* _Problem description_: A single number is expected: the count of lines in the entries below that contain "distance".

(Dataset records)
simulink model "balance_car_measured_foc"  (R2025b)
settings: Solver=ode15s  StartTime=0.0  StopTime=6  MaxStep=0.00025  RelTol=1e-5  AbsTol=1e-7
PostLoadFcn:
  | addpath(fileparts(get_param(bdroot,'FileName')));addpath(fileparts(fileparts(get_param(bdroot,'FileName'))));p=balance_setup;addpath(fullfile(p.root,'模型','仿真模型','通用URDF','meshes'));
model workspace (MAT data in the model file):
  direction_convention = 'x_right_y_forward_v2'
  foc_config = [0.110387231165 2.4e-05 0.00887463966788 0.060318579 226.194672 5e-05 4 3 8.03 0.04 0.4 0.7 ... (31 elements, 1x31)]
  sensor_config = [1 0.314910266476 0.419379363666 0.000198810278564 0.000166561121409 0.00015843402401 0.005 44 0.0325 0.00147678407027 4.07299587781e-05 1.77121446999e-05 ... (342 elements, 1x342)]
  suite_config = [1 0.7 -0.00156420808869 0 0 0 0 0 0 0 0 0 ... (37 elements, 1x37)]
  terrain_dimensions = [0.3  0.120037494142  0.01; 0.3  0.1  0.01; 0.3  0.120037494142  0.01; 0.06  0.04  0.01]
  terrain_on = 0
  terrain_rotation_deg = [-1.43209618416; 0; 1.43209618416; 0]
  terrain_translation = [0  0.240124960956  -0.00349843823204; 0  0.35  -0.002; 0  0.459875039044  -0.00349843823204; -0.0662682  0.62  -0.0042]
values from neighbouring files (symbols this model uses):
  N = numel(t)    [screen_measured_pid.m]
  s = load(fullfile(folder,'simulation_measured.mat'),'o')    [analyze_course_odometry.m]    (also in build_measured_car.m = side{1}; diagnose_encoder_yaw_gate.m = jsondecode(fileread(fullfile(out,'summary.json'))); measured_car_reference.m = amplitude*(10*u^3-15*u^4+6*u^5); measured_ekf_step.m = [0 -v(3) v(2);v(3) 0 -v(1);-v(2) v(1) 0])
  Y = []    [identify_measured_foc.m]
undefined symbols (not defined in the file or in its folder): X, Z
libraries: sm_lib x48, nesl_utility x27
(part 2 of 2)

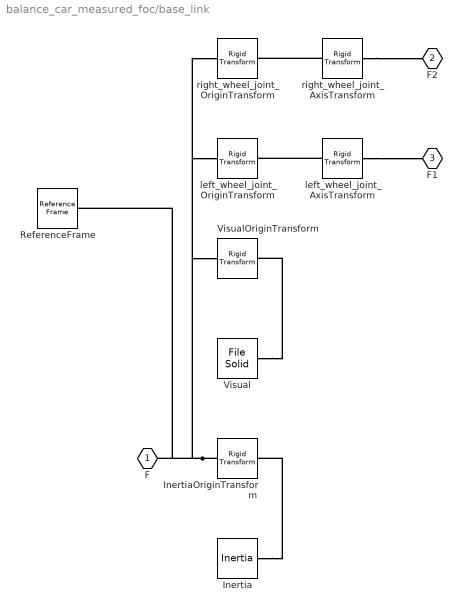
== system balance_car_measured_foc/base_link ==
  Inertia : sm_lib/Body Elements/Inertia  InertiaType=Custom  Mass=0.2771  MassUnits=kg  CenterOfMass=[0, 0, 0]  CenterOfMassUnits=m  MomentsOfInertia=[0.000311847668361045, 0.0006191390109428378, 0.000388176637385571]  MomentsOfInertiaUnits=kg*m^2  ProductsOfInertia=[3.850274462317628e-08, -1.767576624229698e-07, -2.823397326959528e-07]  ProductsOfInertiaUnits=kg*m^2  GraphicType=None  MarkerShape=Inertia  MarkerSize=20  GraphicVisPropType=SimpleVisualProperties  GraphicDiffuseColor=[0.5 0.5 0.5]  GraphicOpacity=1  GraphicSpecularColor=[0.5 0.5 0.5 1.0]  GraphicAmbientColor=[0.15 0.15 0.15 1.0]  GraphicEmissiveColor=[0.0 0.0 0.0 1.0]  GraphicShininess=75
  InertiaOriginTransform : sm_lib/Frames and Transforms/Rigid Transform  RotationMethod=RotationSequence  FollAlignAxisA=+X  BaseAlignAxisA=+Y  FollAlignAxisB=+Y  BaseAlignAxisB=+Z  RotationStandardAxis=+Z  RotationAngle=0  RotationAngleUnits=deg  RotationArbitraryAxis=[0 0 1]  RotationSequenceAxes=BaseAxes  RotationSequence=XYZ  RotationSequenceAngles=[0, 0, 0]  RotationSequenceAnglesUnits=rad  RotationMatrix=[1 0 0;0 1 0;0 0 1]  Quaternion=[1 0 0 0]  TranslationMethod=Cartesian  TranslationCartesianOffset=[-4.53146929236e-05, 5.71393596063e-05, 0.0365292274203]  TranslationCartesianOffsetUnits=m  TranslationStandardAxis=+Z  TranslationStandardOffset=0  TranslationStandardOffsetUnits=m  TranslationROffset=0  TranslationROffsetUnits=m  TranslationThetaOffset=0  TranslationThetaOffsetUnits=deg  TranslationZOffset=0  TranslationZOffsetUnits=m
  ReferenceFrame : sm_lib/Frames and Transforms/Reference Frame
  Visual : sm_lib/Body Elements/File Solid  ExtGeomFileName=body.stl  UnitType=Custom  ExtGeomFileUnits=m  StepReaderType=HEX  ExportConvexHullGeometry=off  InertiaType=Custom  BasedOnType=DensityFromFile  Density=1000  DensityUnits=kg/m^3  Mass=0  MassUnits=kg  CenterOfMass=[0, 0, 0]  CenterOfMassUnits=m  MomentsOfInertia=[0, 0, 0]  MomentsOfInertiaUnits=kg*m^2  ProductsOfInertia=[0, 0, 0]  ProductsOfInertiaUnits=kg*m^2  GraphicType=FromGeometry  MarkerShape=Sphere  MarkerSize=10  GraphicVisPropType=SimpleVisualProperties  GraphicDiffuseColor=[0.12, 0.4, 0.65]  GraphicOpacity=1  GraphicSpecularColor=[0.5 0.5 0.5 1.0]  GraphicAmbientColor=[0.15 0.15 0.15 1.0]  GraphicEmissiveColor=[0.0 0.0 0.0 1.0]  GraphicShininess=75  DoExposeReferenceFrame=on  SerializedFrames=<Frames/>
  VisualOriginTransform : sm_lib/Frames and Transforms/Rigid Transform  RotationMethod=RotationSequence  FollAlignAxisA=+X  BaseAlignAxisA=+Y  FollAlignAxisB=+Y  BaseAlignAxisB=+Z  RotationStandardAxis=+Z  RotationAngle=0  RotationAngleUnits=deg  RotationArbitraryAxis=[0 0 1]  RotationSequenceAxes=BaseAxes  RotationSequence=XYZ  RotationSequenceAngles=[0, 0, -1.570796326794897]  RotationSequenceAnglesUnits=rad  RotationMatrix=[1 0 0;0 1 0;0 0 1]  Quaternion=[1 0 0 0]  TranslationMethod=Cartesian  TranslationCartesianOffset=[0, 0, 0]  TranslationCartesianOffsetUnits=m  TranslationStandardAxis=+Z  TranslationStandardOffset=0  TranslationStandardOffsetUnits=m  TranslationROffset=0  TranslationROffsetUnits=m  TranslationThetaOffset=0  TranslationThetaOffsetUnits=deg  TranslationZOffset=0  TranslationZOffsetUnits=m
  left_wheel_joint_AxisTransform : sm_lib/Frames and Transforms/Rigid Transform  RotationMethod=ArbitraryAxis  FollAlignAxisA=+X  BaseAlignAxisA=+Y  FollAlignAxisB=+Y  BaseAlignAxisB=+Z  RotationStandardAxis=+Z  RotationAngle=1.570796326794897  RotationAngleUnits=rad  RotationArbitraryAxis=[-0, -1, 0]  RotationSequenceAxes=FollowerAxes  RotationSequence=XYX  RotationSequenceAngles=[0 0 0]  RotationSequenceAnglesUnits=deg  RotationMatrix=[1 0 0;0 1 0;0 0 1]  Quaternion=[1 0 0 0]  TranslationMethod=Cartesian  TranslationCartesianOffset=[0, 0, 0]  TranslationCartesianOffsetUnits=m  TranslationStandardAxis=+Z  TranslationStandardOffset=0  TranslationStandardOffsetUnits=m  TranslationROffset=0  TranslationROffsetUnits=m  TranslationThetaOffset=0  TranslationThetaOffsetUnits=deg  TranslationZOffset=0  TranslationZOffsetUnits=m
  left_wheel_joint_OriginTransform : sm_lib/Frames and Transforms/Rigid Transform  RotationMethod=RotationSequence  FollAlignAxisA=+X  BaseAlignAxisA=+Y  FollAlignAxisB=+Y  BaseAlignAxisB=+Z  RotationStandardAxis=+Z  RotationAngle=0  RotationAngleUnits=deg  RotationArbitraryAxis=[0 0 1]  RotationSequenceAxes=BaseAxes  RotationSequence=XYZ  RotationSequenceAngles=[0, 0, 0]  RotationSequenceAnglesUnits=rad  RotationMatrix=[1 0 0;0 1 0;0 0 1]  Quaternion=[1 0 0 0]  TranslationMethod=Cartesian  TranslationCartesianOffset=[-0.0662682, 0, 0]  TranslationCartesianOffsetUnits=m  TranslationStandardAxis=+Z  TranslationStandardOffset=0  TranslationStandardOffsetUnits=m  TranslationROffset=0  TranslationROffsetUnits=m  TranslationThetaOffset=0  TranslationThetaOffsetUnits=deg  TranslationZOffset=0  TranslationZOffsetUnits=m
  right_wheel_joint_AxisTransform : sm_lib/Frames and Transforms/Rigid Transform  RotationMethod=ArbitraryAxis  FollAlignAxisA=+X  BaseAlignAxisA=+Y  FollAlignAxisB=+Y  BaseAlignAxisB=+Z  RotationStandardAxis=+Z  RotationAngle=1.570796326794897  RotationAngleUnits=rad  RotationArbitraryAxis=[-0, -1, 0]  RotationSequenceAxes=FollowerAxes  RotationSequence=XYX  RotationSequenceAngles=[0 0 0]  RotationSequenceAnglesUnits=deg  RotationMatrix=[1 0 0;0 1 0;0 0 1]  Quaternion=[1 0 0 0]  TranslationMethod=Cartesian  TranslationCartesianOffset=[0, 0, 0]  TranslationCartesianOffsetUnits=m  TranslationStandardAxis=+Z  TranslationStandardOffset=0  TranslationStandardOffsetUnits=m  TranslationROffset=0  TranslationROffsetUnits=m  TranslationThetaOffset=0  TranslationThetaOffsetUnits=deg  TranslationZOffset=0  TranslationZOffsetUnits=m
  right_wheel_joint_OriginTransform : sm_lib/Frames and Transforms/Rigid Transform  RotationMethod=RotationSequence  FollAlignAxisA=+X  BaseAlignAxisA=+Y  FollAlignAxisB=+Y  BaseAlignAxisB=+Z  RotationStandardAxis=+Z  RotationAngle=0  RotationAngleUnits=deg  RotationArbitraryAxis=[0 0 1]  RotationSequenceAxes=BaseAxes  RotationSequence=XYZ  RotationSequenceAngles=[0, 0, 0]  RotationSequenceAnglesUnits=rad  RotationMatrix=[1 0 0;0 1 0;0 0 1]  Quaternion=[1 0 0 0]  TranslationMethod=Cartesian  TranslationCartesianOffset=[0.0662682, 0, 0]  TranslationCartesianOffsetUnits=m  TranslationStandardAxis=+Z  TranslationStandardOffset=0  TranslationStandardOffsetUnits=m  TranslationROffset=0  TranslationROffsetUnits=m  TranslationThetaOffset=0  TranslationThetaOffsetUnits=deg  TranslationZOffset=0  TranslationZOffsetUnits=m
  F : PMIOPort  Side=Left
  F2 : PMIOPort  Port=2  Side=Right
  F1 : PMIOPort  Port=3  Side=Right
  connections:
  Inertia/RConn1 -- InertiaOriginTransform/RConn1
  ReferenceFrame/RConn1 -- InertiaOriginTransform/LConn1 -- VisualOriginTransform/LConn1 -- left_wheel_joint_OriginTransform/LConn1 -- right_wheel_joint_OriginTransform/LConn1 -- F/RConn1
  Visual/RConn1 -- VisualOriginTransform/RConn1
  left_wheel_joint_AxisTransform/RConn1 -- F1/RConn1
  left_wheel_joint_AxisTransform/LConn1 -- left_wheel_joint_OriginTransform/RConn1
  right_wheel_joint_AxisTransform/RConn1 -- F2/RConn1
  right_wheel_joint_AxisTransform/LConn1 -- right_wheel_joint_OriginTransform/RConn1

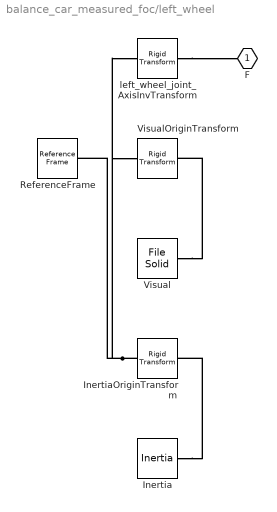
== system balance_car_measured_foc/left_wheel ==
  Inertia : sm_lib/Body Elements/Inertia  InertiaType=Custom  Mass=0.06270000000000001  MassUnits=kg  CenterOfMass=[0, 0, 0]  CenterOfMassUnits=m  MomentsOfInertia=[2.996788998409583e-05, 1.917831991019923e-05, 1.917831830082714e-05]  MomentsOfInertiaUnits=kg*m^2  ProductsOfInertia=[-7.252640957165455e-12, -1.265848447928984e-12, -3.833693155565584e-12]  ProductsOfInertiaUnits=kg*m^2  GraphicType=None  MarkerShape=Inertia  MarkerSize=20  GraphicVisPropType=SimpleVisualProperties  GraphicDiffuseColor=[0.5 0.5 0.5]  GraphicOpacity=1  GraphicSpecularColor=[0.5 0.5 0.5 1.0]  GraphicAmbientColor=[0.15 0.15 0.15 1.0]  GraphicEmissiveColor=[0.0 0.0 0.0 1.0]  GraphicShininess=75
  InertiaOriginTransform : sm_lib/Frames and Transforms/Rigid Transform  RotationMethod=RotationSequence  FollAlignAxisA=+X  BaseAlignAxisA=+Y  FollAlignAxisB=+Y  BaseAlignAxisB=+Z  RotationStandardAxis=+Z  RotationAngle=0  RotationAngleUnits=deg  RotationArbitraryAxis=[0 0 1]  RotationSequenceAxes=BaseAxes  RotationSequence=XYZ  RotationSequenceAngles=[0, 0, 0]  RotationSequenceAnglesUnits=rad  RotationMatrix=[1 0 0;0 1 0;0 0 1]  Quaternion=[1 0 0 0]  TranslationMethod=Cartesian  TranslationCartesianOffset=[0.00137780420767, 3.60871449808e-09, -5.37617755869e-09]  TranslationCartesianOffsetUnits=m  TranslationStandardAxis=+Z  TranslationStandardOffset=0  TranslationStandardOffsetUnits=m  TranslationROffset=0  TranslationROffsetUnits=m  TranslationThetaOffset=0  TranslationThetaOffsetUnits=deg  TranslationZOffset=0  TranslationZOffsetUnits=m
  ReferenceFrame : sm_lib/Frames and Transforms/Reference Frame
  Visual : sm_lib/Body Elements/File Solid  ExtGeomFileName=right_wheel.stl  UnitType=Custom  ExtGeomFileUnits=m  StepReaderType=HEX  ExportConvexHullGeometry=off  InertiaType=Custom  BasedOnType=DensityFromFile  Density=1000  DensityUnits=kg/m^3  Mass=0  MassUnits=kg  CenterOfMass=[0, 0, 0]  CenterOfMassUnits=m  MomentsOfInertia=[0, 0, 0]  MomentsOfInertiaUnits=kg*m^2  ProductsOfInertia=[0, 0, 0]  ProductsOfInertiaUnits=kg*m^2  GraphicType=FromGeometry  MarkerShape=Sphere  MarkerSize=10  GraphicVisPropType=SimpleVisualProperties  GraphicDiffuseColor=[0.16, 0.18, 0.16]  GraphicOpacity=1  GraphicSpecularColor=[0.5 0.5 0.5 1.0]  GraphicAmbientColor=[0.15 0.15 0.15 1.0]  GraphicEmissiveColor=[0.0 0.0 0.0 1.0]  GraphicShininess=75  DoExposeReferenceFrame=on  SerializedFrames=<Frames/>
  VisualOriginTransform : sm_lib/Frames and Transforms/Rigid Transform  RotationMethod=RotationSequence  FollAlignAxisA=+X  BaseAlignAxisA=+Y  FollAlignAxisB=+Y  BaseAlignAxisB=+Z  RotationStandardAxis=+Z  RotationAngle=0  RotationAngleUnits=deg  RotationArbitraryAxis=[0 0 1]  RotationSequenceAxes=BaseAxes  RotationSequence=XYZ  RotationSequenceAngles=[0, 0, -1.570796326794897]  RotationSequenceAnglesUnits=rad  RotationMatrix=[1 0 0;0 1 0;0 0 1]  Quaternion=[1 0 0 0]  TranslationMethod=Cartesian  TranslationCartesianOffset=[0, 0, 0]  TranslationCartesianOffsetUnits=m  TranslationStandardAxis=+Z  TranslationStandardOffset=0  TranslationStandardOffsetUnits=m  TranslationROffset=0  TranslationROffsetUnits=m  TranslationThetaOffset=0  TranslationThetaOffsetUnits=deg  TranslationZOffset=0  TranslationZOffsetUnits=m
  left_wheel_joint_AxisInvTransform : sm_lib/Frames and Transforms/Rigid Transform  RotationMethod=ArbitraryAxis  FollAlignAxisA=+X  BaseAlignAxisA=+Y  FollAlignAxisB=+Y  BaseAlignAxisB=+Z  RotationStandardAxis=+Z  RotationAngle=1.570796326794897  RotationAngleUnits=rad  RotationArbitraryAxis=[-0, -1, 0]  RotationSequenceAxes=FollowerAxes  RotationSequence=XYX  RotationSequenceAngles=[0 0 0]  RotationSequenceAnglesUnits=deg  RotationMatrix=[1 0 0;0 1 0;0 0 1]  Quaternion=[1 0 0 0]  TranslationMethod=Cartesian  TranslationCartesianOffset=[0, 0, 0]  TranslationCartesianOffsetUnits=m  TranslationStandardAxis=+Z  TranslationStandardOffset=0  TranslationStandardOffsetUnits=m  TranslationROffset=0  TranslationROffsetUnits=m  TranslationThetaOffset=0  TranslationThetaOffsetUnits=deg  TranslationZOffset=0  TranslationZOffsetUnits=m
  F : PMIOPort  Side=Left
  connections:
  Inertia/RConn1 -- InertiaOriginTransform/RConn1
  ReferenceFrame/RConn1 -- InertiaOriginTransform/LConn1 -- VisualOriginTransform/LConn1 -- left_wheel_joint_AxisInvTransform/LConn1
  Visual/RConn1 -- VisualOriginTransform/RConn1
  left_wheel_joint_AxisInvTransform/RConn1 -- F/RConn1

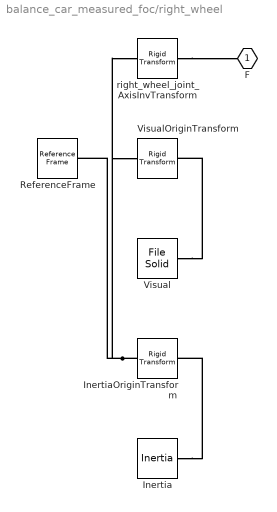
== system balance_car_measured_foc/right_wheel ==
  Inertia : sm_lib/Body Elements/Inertia  InertiaType=Custom  Mass=0.06270000000000001  MassUnits=kg  CenterOfMass=[0, 0, 0]  CenterOfMassUnits=m  MomentsOfInertia=[2.996788998409583e-05, 1.917831991019924e-05, 1.917831830082714e-05]  MomentsOfInertiaUnits=kg*m^2  ProductsOfInertia=[7.252640958073256e-12, 1.265848450812081e-12, -3.83369315636605e-12]  ProductsOfInertiaUnits=kg*m^2  GraphicType=None  MarkerShape=Inertia  MarkerSize=20  GraphicVisPropType=SimpleVisualProperties  GraphicDiffuseColor=[0.5 0.5 0.5]  GraphicOpacity=1  GraphicSpecularColor=[0.5 0.5 0.5 1.0]  GraphicAmbientColor=[0.15 0.15 0.15 1.0]  GraphicEmissiveColor=[0.0 0.0 0.0 1.0]  GraphicShininess=75
  InertiaOriginTransform : sm_lib/Frames and Transforms/Rigid Transform  RotationMethod=RotationSequence  FollAlignAxisA=+X  BaseAlignAxisA=+Y  FollAlignAxisB=+Y  BaseAlignAxisB=+Z  RotationStandardAxis=+Z  RotationAngle=0  RotationAngleUnits=deg  RotationArbitraryAxis=[0 0 1]  RotationSequenceAxes=BaseAxes  RotationSequence=XYZ  RotationSequenceAngles=[0, 0, 0]  RotationSequenceAnglesUnits=rad  RotationMatrix=[1 0 0;0 1 0;0 0 1]  Quaternion=[1 0 0 0]  TranslationMethod=Cartesian  TranslationCartesianOffset=[-0.00137780420767, -3.60871449673e-09, -5.37617755869e-09]  TranslationCartesianOffsetUnits=m  TranslationStandardAxis=+Z  TranslationStandardOffset=0  TranslationStandardOffsetUnits=m  TranslationROffset=0  TranslationROffsetUnits=m  TranslationThetaOffset=0  TranslationThetaOffsetUnits=deg  TranslationZOffset=0  TranslationZOffsetUnits=m
  ReferenceFrame : sm_lib/Frames and Transforms/Reference Frame
  Visual : sm_lib/Body Elements/File Solid  ExtGeomFileName=left_wheel.stl  UnitType=Custom  ExtGeomFileUnits=m  StepReaderType=HEX  ExportConvexHullGeometry=off  InertiaType=Custom  BasedOnType=DensityFromFile  Density=1000  DensityUnits=kg/m^3  Mass=0  MassUnits=kg  CenterOfMass=[0, 0, 0]  CenterOfMassUnits=m  MomentsOfInertia=[0, 0, 0]  MomentsOfInertiaUnits=kg*m^2  ProductsOfInertia=[0, 0, 0]  ProductsOfInertiaUnits=kg*m^2  GraphicType=FromGeometry  MarkerShape=Sphere  MarkerSize=10  GraphicVisPropType=SimpleVisualProperties  GraphicDiffuseColor=[0.16, 0.18, 0.16]  GraphicOpacity=1  GraphicSpecularColor=[0.5 0.5 0.5 1.0]  GraphicAmbientColor=[0.15 0.15 0.15 1.0]  GraphicEmissiveColor=[0.0 0.0 0.0 1.0]  GraphicShininess=75  DoExposeReferenceFrame=on  SerializedFrames=<Frames/>
  VisualOriginTransform : sm_lib/Frames and Transforms/Rigid Transform  RotationMethod=RotationSequence  FollAlignAxisA=+X  BaseAlignAxisA=+Y  FollAlignAxisB=+Y  BaseAlignAxisB=+Z  RotationStandardAxis=+Z  RotationAngle=0  RotationAngleUnits=deg  RotationArbitraryAxis=[0 0 1]  RotationSequenceAxes=BaseAxes  RotationSequence=XYZ  RotationSequenceAngles=[0, 0, -1.570796326794897]  RotationSequenceAnglesUnits=rad  RotationMatrix=[1 0 0;0 1 0;0 0 1]  Quaternion=[1 0 0 0]  TranslationMethod=Cartesian  TranslationCartesianOffset=[0, 0, 0]  TranslationCartesianOffsetUnits=m  TranslationStandardAxis=+Z  TranslationStandardOffset=0  TranslationStandardOffsetUnits=m  TranslationROffset=0  TranslationROffsetUnits=m  TranslationThetaOffset=0  TranslationThetaOffsetUnits=deg  TranslationZOffset=0  TranslationZOffsetUnits=m
  right_wheel_joint_AxisInvTransform : sm_lib/Frames and Transforms/Rigid Transform  RotationMethod=ArbitraryAxis  FollAlignAxisA=+X  BaseAlignAxisA=+Y  FollAlignAxisB=+Y  BaseAlignAxisB=+Z  RotationStandardAxis=+Z  RotationAngle=1.570796326794897  RotationAngleUnits=rad  RotationArbitraryAxis=[-0, -1, 0]  RotationSequenceAxes=FollowerAxes  RotationSequence=XYX  RotationSequenceAngles=[0 0 0]  RotationSequenceAnglesUnits=deg  RotationMatrix=[1 0 0;0 1 0;0 0 1]  Quaternion=[1 0 0 0]  TranslationMethod=Cartesian  TranslationCartesianOffset=[0, 0, 0]  TranslationCartesianOffsetUnits=m  TranslationStandardAxis=+Z  TranslationStandardOffset=0  TranslationStandardOffsetUnits=m  TranslationROffset=0  TranslationROffsetUnits=m  TranslationThetaOffset=0  TranslationThetaOffsetUnits=deg  TranslationZOffset=0  TranslationZOffsetUnits=m
  F : PMIOPort  Side=Left
  connections:
  Inertia/RConn1 -- InertiaOriginTransform/RConn1
  ReferenceFrame/RConn1 -- InertiaOriginTransform/LConn1 -- VisualOriginTransform/LConn1 -- right_wheel_joint_AxisInvTransform/LConn1
  Visual/RConn1 -- VisualOriginTransform/RConn1
  right_wheel_joint_AxisInvTransform/RConn1 -- F/RConn1

== matlab function balance_car_measured_foc/Measured_FOC ==
  data: mechanics input; out output; iq input; t input; cfg input
function out=measured_vehicle_actuator(mechanics,iq,t,cfg)
%#codegen
% Mechanics are supplied by Multibody. Do not integrate wheel inertia here.
persistent x
if isempty(x),x=measured_foc_initial(mechanics(1:2));end
q=mechanics(1:2);w=mechanics(3:4);refs=[0 0;iq(1) iq(2)];tick=round(t/cfg(6));torque=zeros(2,1);steps=round(cfg(31));y=zeros(14,2);
for k=0:steps-1
 [x,y]=measured_foc_step(x,refs,q+w*(k*cfg(6)),w,tick+k,cfg);torque=torque+y(1,:)';
end
friction=[cfg(17);cfg(18)].*w+[cfg(19);cfg(20)].*tanh(w/.5);
out=[torque/steps-friction;y(:)];
end

== matlab function balance_car_measured_foc/Balance_Controller ==
  data: raw input; out output; cfg input
function out=balance_suite_controller(raw,cfg)
%#codegen
% raw=[time x vx y vy z vz qw qx qy qz wx wy wz]，角速度在世界坐标。
% out=[实际tau(2) state(6) ref(6) force(3) torque(3) fall 执行指令(2) PID目标(2)]。
% cfg(16)=2时执行指令是iq/A；其余模式为转矩/Nm。
% 外部XYZ为右/前/上；内部控制坐标仍用前/左/上，保留已整定增益。
raw=[raw(1);raw(4);raw(5);-raw(2);-raw(3);raw(6);raw(7); ...
 raw(8);raw(10);-raw(9);raw(11);raw(13);-raw(12);raw(14)];
persistent distance prevV velocityIntegral pitchIntegral yawIntegral
if isempty(distance)
 distance=0;prevV=0;velocityIntegral=0;pitchIntegral=0;yawIntegral=0;
end
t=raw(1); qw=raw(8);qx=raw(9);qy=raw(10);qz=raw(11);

* _Result for this exercise_: 3